In recent years, there has been an increase in the number of patients considered candidates for ED intubations.
1-4 In one series, 41.3% of ED intubations were for airway protection, while 57.4% were for mechanical ventilation.
4There are several major reasons for endotracheal intubation (ETI):
- Failure to maintain adequate oxygenation and ventilation.
- Absent or inadequate respirations.
- Impending airway obstruction or failure
- Inability to protect the airway.
- Inability to swallow or handle secretions.
- Coma (Glasgow Coma Scale ≤ 8).
Pharmacologic paralysis and intubation are not generally preferred over sedation for an emotionally distressed or intoxicated individual. In certain circumstances, however, it may be necessary to sedate and paralyze a combative patient in order to perform essential diagnostic procedures and to protect the patient from harm. This scenario is seen most often in the trauma bay, where a combative patient with a potential cervical spine injury may require "aggressive" control.
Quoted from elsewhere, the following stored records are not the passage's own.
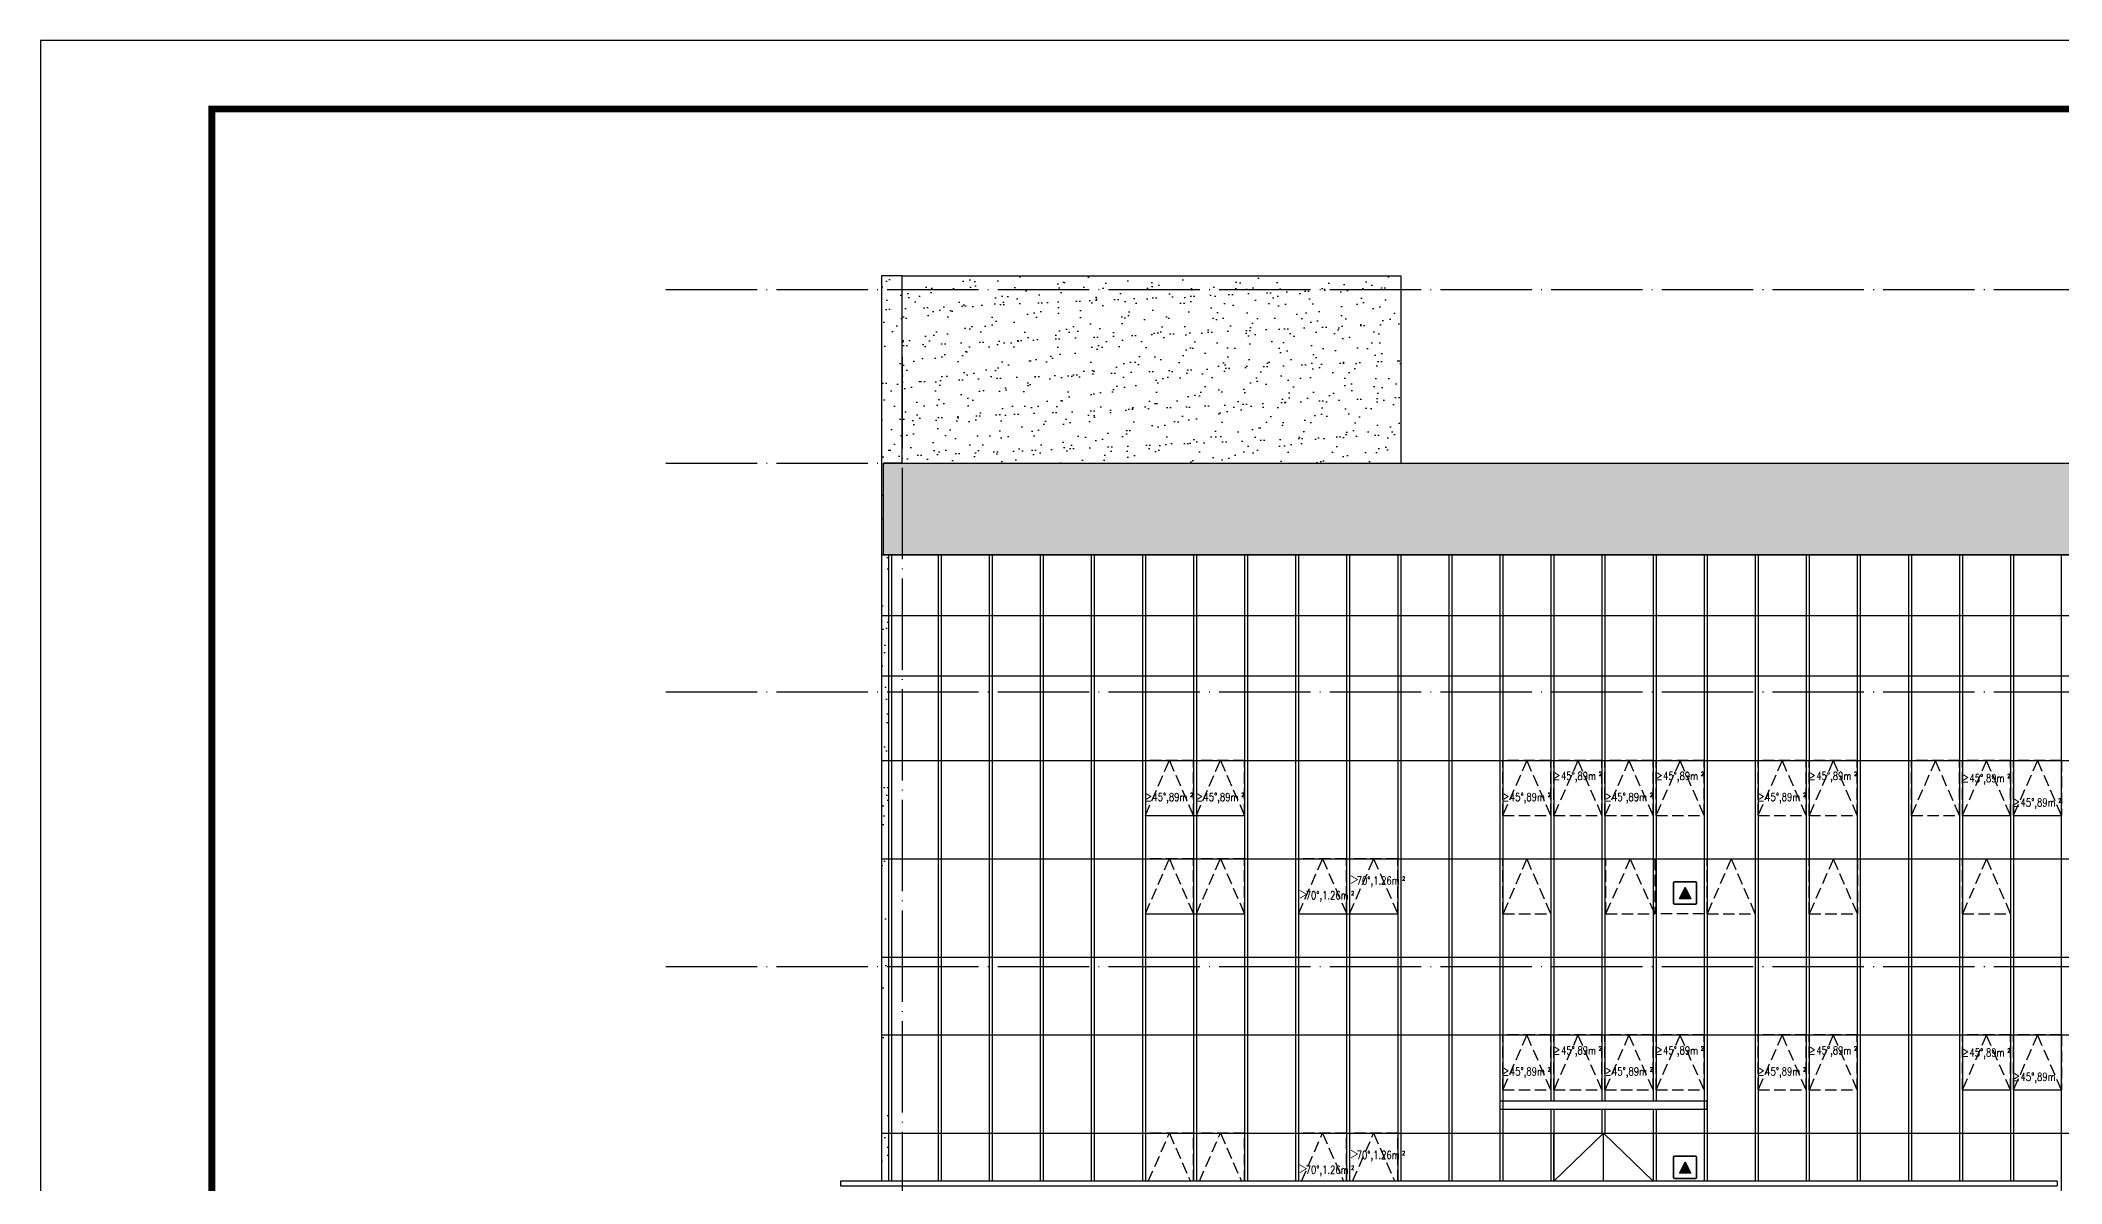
# Model space of a CAD drawing. Extents: x 6843040 to 15500510, y -6507076 to -4940511.
# Drawn here: x 7906928 to 7951121, y -5858167 to -5833171 of the extents above; entities that cross this region are included whole.
import ezdxf

# ---------------------------------------------------------------- set-up
doc = ezdxf.new("R2010")
doc.units = 0
doc.header["$LTSCALE"] = 1000
doc.header["$MEASUREMENT"] = 0
doc.linetypes.add('DASH', pattern=[0.35, 0.25, -0.1])
doc.linetypes.add('DOTE', pattern=[2.42, 2, -0.2, 0.02, -0.2])
for name, color, linetype in [('_0', 7, 'Continuous'), ('DOTE', 8, 'DOTE'), ('E_LINE_3', 7, 'Continuous'), ('E_LINE_4', 5, 'Continuous'), ('E_LINE_5', 8, 'Continuous'), ('FLOOR', 9, 'Continuous'), ('LT-dim 100', 253, 'Continuous'), ('LT-开启扇', 8, 'Continuous'), ('LT-玻璃', 4, 'Continuous'), ('plan-1', 40, 'Continuous'), ('PUB_HACTH', 8, 'Continuous'), ('PUB_TEXT', 7, 'Continuous'), ('PUB_TITLE', 4, 'Continuous'), ('RAIL', 163, 'Continuous'), ('WALL', 1, 'Continuous'), ('WINDOW', 4, 'Continuous')]:
    doc.layers.add(name, color=color, linetype=linetype)
doc.styles.add('_HZTXT', font='SIMPLEX', dxfattribs={"width": 0.9, "bigfont": 'HZTXT'})
pattern_1 = [(82.5, (0, 0), (-422.103955, 395.378137), [0, -456, 0, -510, 0, -487.5]), (52.5, (0, 0), (-223.241253, 974.09392), [0, -246, 0, -411, 0, -157.5]), (12.5, (-260.9, -260.9), (659.408782, 661.809715), [0, -150, 0, -540, 0, -705]), (2.5, (-260.9, -260.9), (451.51265, 823.878855), [0, -75, 0, -354, 0, -405])]

# ---------------------------------------------------------------- blocks, each defined once
blk = doc.blocks.new('消防救援标志')
at = {"layer": 'WALL'}
blk.add_hatch(color=256, dxfattribs=at).paths.add_polyline_path([(13378845, 1069457.5), (13377845, 1069457.5), (13378345, 1070457.5)])
for points in [[(13377445, 1070957.5), (13379245, 1070957.5, -0.41421356), (13379345, 1070857.5), (13379345, 1069057.5, -0.41421356), (13379245, 1068957.5), (13377445, 1068957.5, -0.41421356), (13377345, 1069057.5), (13377345, 1070857.5, -0.41421356)], [(13377445, 1070932.5), (13379245, 1070932.5, -0.41421356), (13379320, 1070857.5), (13379320, 1069057.5, -0.41421356), (13379245, 1068982.5), (13377445, 1068982.5, -0.41421356), (13377370, 1069057.5), (13377370, 1070857.5, -0.41421356)]]:
    blk.add_lwpolyline(points, format="xyb", close=True)
blk.add_lwpolyline([(13378845, 1069457.5), (13377845, 1069457.5), (13378345, 1070457.5)], close=True, dxfattribs=at)
blk = doc.blocks.new('幕墙mq4-1')
at = {"layer": 'LT-开启扇', "ltscale": 1000}
for points in [[(7948953, -5850117), (7950004, -5850117)], [(7950069, -5850117), (7951121, -5850117)], [(7948953, -5856117), (7950004, -5856117)], [(7950069, -5856117), (7951121, -5856117)]]:
    blk.add_lwpolyline(points, dxfattribs=at)
at = {"layer": 'LT-玻璃', "ltscale": 1000}
for p, q in [((7925321, -5844417), (7990446, -5844417)), ((7925471, -5844417), (7925471, -5858117)), ((7925536, -5844417), (7925536, -5858117)), ((7926555, -5844417), (7926555, -5858117)), ((7926620, -5844417), (7926620, -5858117)), ((7927672, -5844417), (7927672, -5858117)), ((7927737, -5844417), (7927737, -5858117)), ((7928788, -5844417), (7928788, -5858117)), ((7928853, -5844417), (7928853, -5858117)), ((7929905, -5844417), (7929905, -5858117)), ((7929970, -5844417), (7929970, -5858117)), ((7931022, -5844417), (7931022, -5858117)), ((7931087, -5844417), (7931087, -5858117)), ((7932138, -5844417), (7932138, -5858117)), ((7932203, -5844417), (7932203, -5858117)), ((7933255, -5844417), (7933255, -5858117)), ((7933320, -5844417), (7933320, -5858117)), ((7934372, -5844417), (7934372, -5858117)), ((7934437, -5844417), (7934437, -5858117)), ((7935488, -5844417), (7935488, -5858117)), ((7935553, -5844417), (7935553, -5858117)), ((7936605, -5844417), (7936605, -5858117)), ((7936670, -5844417), (7936670, -5858117)), ((7937722, -5844417), (7937722, -5858117)), ((7937787, -5844417), (7937787, -5858117)), ((7938838, -5844417), (7938838, -5858117)), ((7938903, -5844417), (7938903, -5858117)), ((7939955, -5844417), (7939955, -5856367)), ((7940020, -5844417), (7940020, -5856367)), ((7941071, -5844417), (7941071, -5856367)), ((7941136, -5844417), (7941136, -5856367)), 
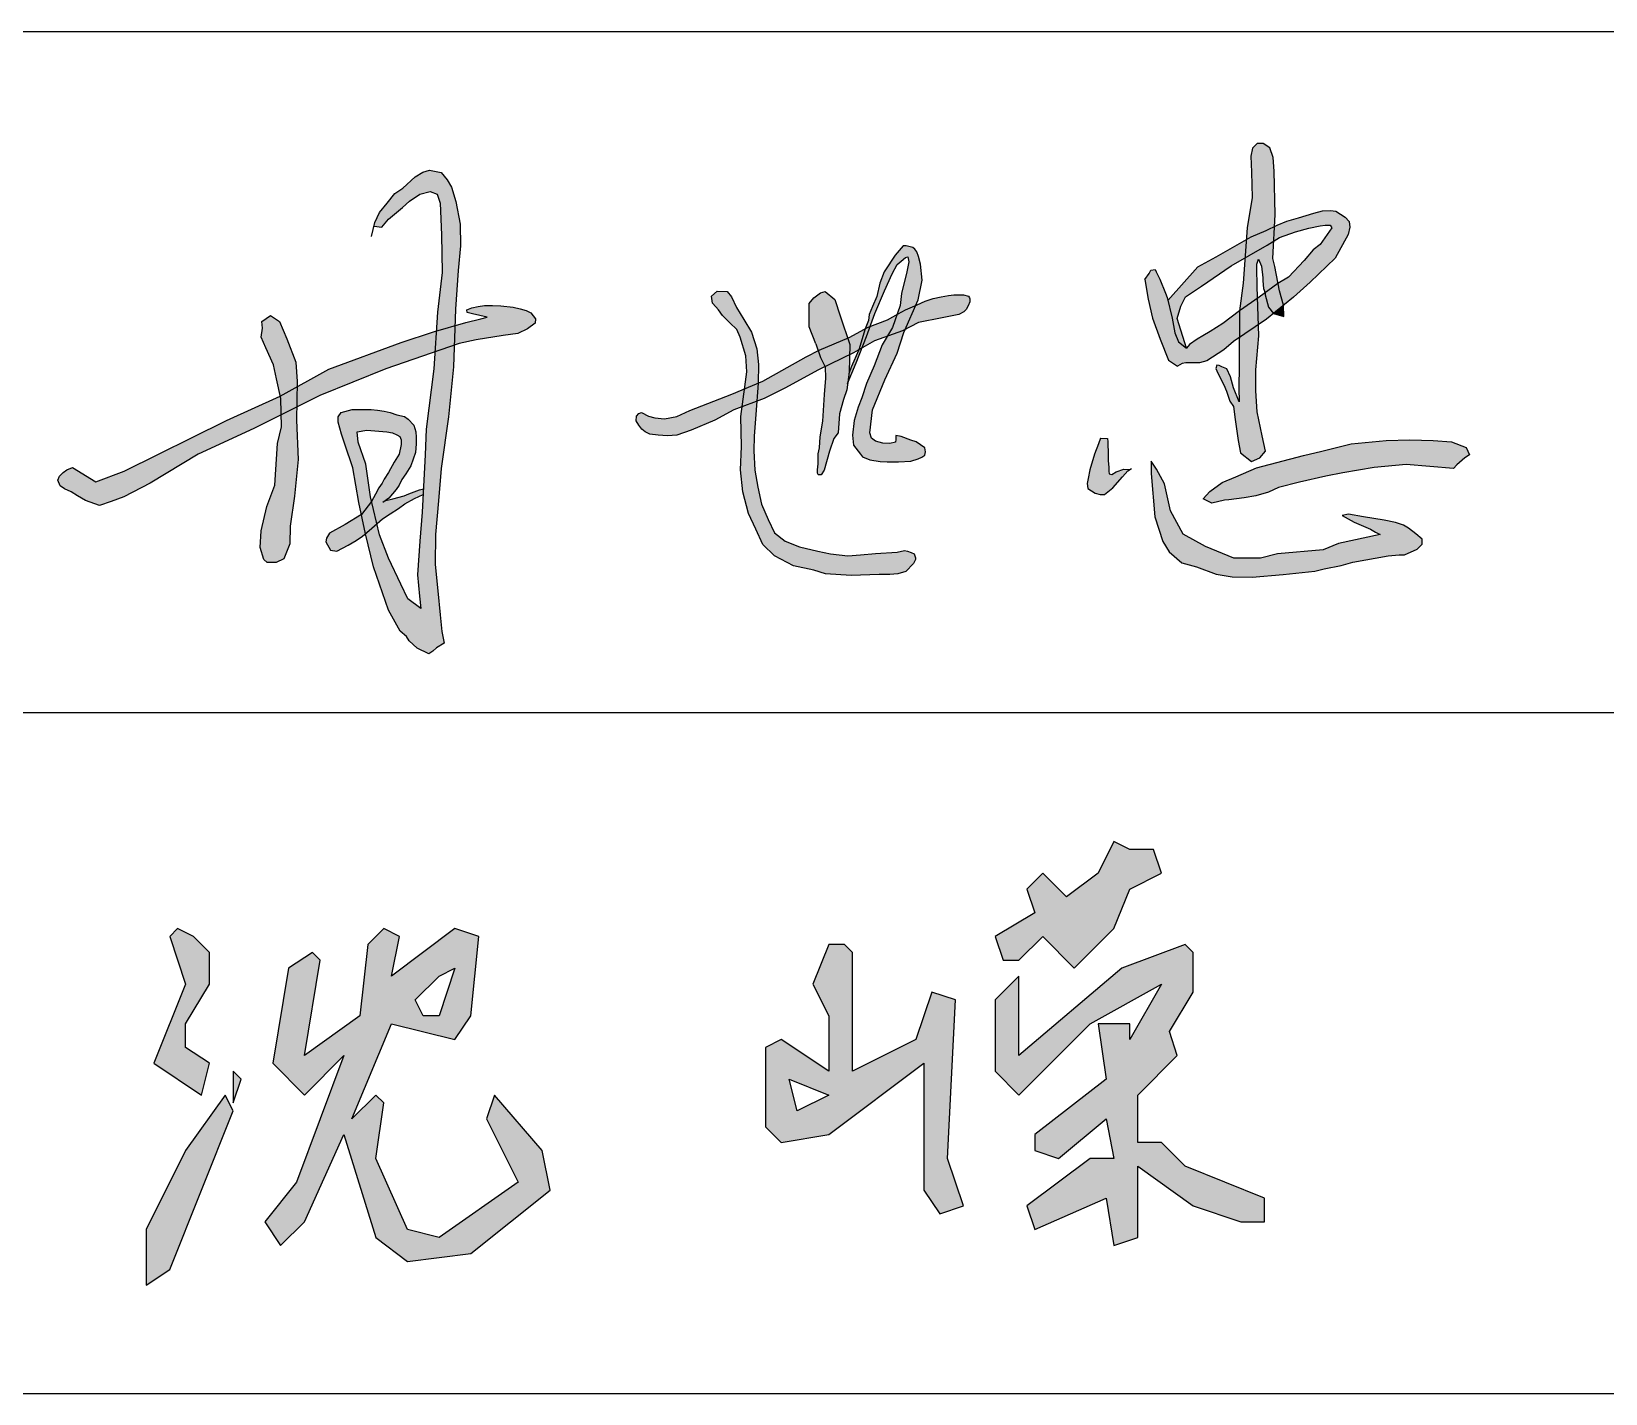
# Model space of a CAD drawing. Header units: millimetres. Extents: x 866309 to 879639, y 39442 to 44891.
# Drawn here: x 873855.26 to 873870.28, y 39488.13 to 39501.13 of the extents above; entities that cross this region are included whole.
import ezdxf

# ---------------------------------------------------------------- set-up
doc = ezdxf.new("R2010")
doc.units = ezdxf.units.MM
doc.header["$LTSCALE"] = 1000
doc.header["$MEASUREMENT"] = 0
doc.layers.add('HATCH', color=8, linetype='Continuous')

msp = doc.modelspace()

# ---------------------------------------------------------------- hatches: boundary and pattern name
at = {"linetype": 'Continuous'}
h = msp.add_hatch(color=256, dxfattribs=at)
h.paths.add_polyline_path([(873863.775, 39491.279), (873863.775, 39490.069), (873863.927, 39489.842), (873864.154, 39489.917), (873864.002, 39490.371), (873864.078, 39491.884), (873863.851, 39491.959), (873863.7, 39491.506), (873863.095, 39491.203), (873863.095, 39492.337), (873863.019, 39492.413), (873862.868, 39492.413), (873862.717, 39492.035), (873862.868, 39491.732), (873862.868, 39491.203), (873862.414, 39491.506), (873862.263, 39491.43), (873862.263, 39490.674), (873862.414, 39490.522), (873862.868, 39490.598)])
h.paths.add_polyline_path([(873862.868, 39490.976), (873862.565, 39490.825), (873862.49, 39491.127)], flags=16)
h.paths.add_polyline_path([(873865.59, 39492.564), (873865.742, 39492.942), (873866.044, 39493.094), (873865.969, 39493.321), (873865.742, 39493.321), (873865.59, 39493.396), (873865.439, 39493.094), (873865.137, 39492.867), (873864.91, 39493.094), (873864.759, 39492.942), (873864.834, 39492.716), (873864.456, 39492.489), (873864.532, 39492.262), (873864.683, 39492.262), (873864.91, 39492.489), (873865.212, 39492.186)])
h.paths.add_polyline_path([(873866.347, 39491.959), (873866.347, 39492.337), (873866.271, 39492.413), (873865.666, 39492.186), (873864.683, 39491.354), (873864.683, 39492.111), (873864.456, 39491.884), (873864.456, 39491.203), (873864.683, 39490.976), (873865.364, 39491.657), (873866.044, 39492.035), (873865.742, 39491.506), (873865.742, 39491.657), (873865.439, 39491.657), (873865.515, 39491.127), (873864.834, 39490.598), (873864.834, 39490.447), (873865.061, 39490.371), (873865.515, 39490.749), (873865.59, 39490.371), (873865.364, 39490.371), (873864.759, 39489.917), (873864.834, 39489.691), (873865.515, 39489.993), (873865.59, 39489.539), (873865.817, 39489.615), (873865.817, 39490.296), (873866.347, 39489.917), (873866.8, 39489.766), (873867.027, 39489.766), (873867.027, 39489.993), (873866.271, 39490.296), (873866.044, 39490.522), (873865.817, 39490.522), (873865.817, 39490.976), (873866.195, 39491.354), (873866.12, 39491.581)])
h = msp.add_hatch(color=256, dxfattribs=at)
h.paths.add_polyline_path([(873856.728, 39491.43), (873856.728, 39491.657), (873856.955, 39492.035), (873856.955, 39492.337), (873856.804, 39492.489), (873856.652, 39492.564), (873856.577, 39492.489), (873856.728, 39492.035), (873856.425, 39491.279), (873856.879, 39490.976), (873856.955, 39491.279)])
h.paths.add_polyline_path([(873857.257, 39491.127), (873857.182, 39491.203), (873857.182, 39490.901)])
h.paths.add_polyline_path([(873857.182, 39490.825), (873857.106, 39490.976), (873856.728, 39490.447), (873856.35, 39489.691), (873856.35, 39489.161), (873856.577, 39489.312)])
h.paths.add_polyline_path([(873858.694, 39491.657), (873859.299, 39491.506), (873859.45, 39491.732), (873859.526, 39492.489), (873859.299, 39492.564), (873858.694, 39492.111), (873858.77, 39492.489), (873858.619, 39492.564), (873858.467, 39492.413), (873858.392, 39491.732), (873857.862, 39491.354), (873858.014, 39492.262), (873857.938, 39492.337), (873857.711, 39492.186), (873857.56, 39491.279), (873857.862, 39490.976), (873858.24, 39491.354), (873857.787, 39490.144), (873857.484, 39489.766), (873857.635, 39489.539), (873857.862, 39489.766), (873858.24, 39490.598), (873858.543, 39489.615), (873858.845, 39489.388), (873859.45, 39489.464), (873860.207, 39490.069), (873860.131, 39490.447), (873859.677, 39490.976), (873859.602, 39490.749), (873859.904, 39490.144), (873859.148, 39489.615), (873858.845, 39489.691), (873858.543, 39490.371), (873858.619, 39490.901), (873858.543, 39490.976), (873858.316, 39490.749)])
h.paths.add_polyline_path([(873858.921, 39491.884), (873859.148, 39492.111), (873859.299, 39492.186), (873859.148, 39491.732), (873858.997, 39491.732)], flags=16)
at = {"layer": 'HATCH'}
for points in [[(873867.121, 39499.795), (873867.111, 39499.925), (873867.079, 39500.016), (873867.016, 39500.058), (873866.957, 39500.058), (873866.914, 39500.013), (873866.897, 39499.936), (873866.904, 39499.785), (873866.911, 39499.543), (873866.862, 39499.252), (873866.854, 39499.141), (873866.9, 39499.168), (873867.044, 39499.227), (873867.123, 39499.264), (873867.128, 39499.381)], [(873859.329, 39498.846), (873859.351, 39499.081), (873859.348, 39499.287), (873859.308, 39499.506), (873859.265, 39499.642), (873859.225, 39499.712), (873859.169, 39499.781), (873859.057, 39499.803), (873858.993, 39499.784), (873858.918, 39499.739), (873858.803, 39499.632), (873858.725, 39499.581), (873858.653, 39499.488), (873858.578, 39499.399), (873858.536, 39499.303), (873858.527, 39499.268), (873858.601, 39499.261), (873858.665, 39499.335), (873858.797, 39499.446), (873858.864, 39499.507), (873858.965, 39499.574), (873859.063, 39499.601), (873859.131, 39499.574), (873859.158, 39499.487), (873859.171, 39499.187), (873859.178, 39498.826), (873859.134, 39498.448), (873859.122, 39498.267), (873859.299, 39498.318), (873859.305, 39498.477)], [(873867.836, 39499.312), (873867.797, 39499.354), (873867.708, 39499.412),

There are numerous recommendations regarding the need for intubation that hinge upon numerical data such as blood gas indices. While these objective criteria provide an aura of science, most ED intubations are correctly based upon the clinical judgment of the physician.
Physical examination often provides more guidance in airway decisions than the patient's history. A long dissertation from a patient regarding how short of breath they are is reassuring. The more "long-winded" the exposition, the better!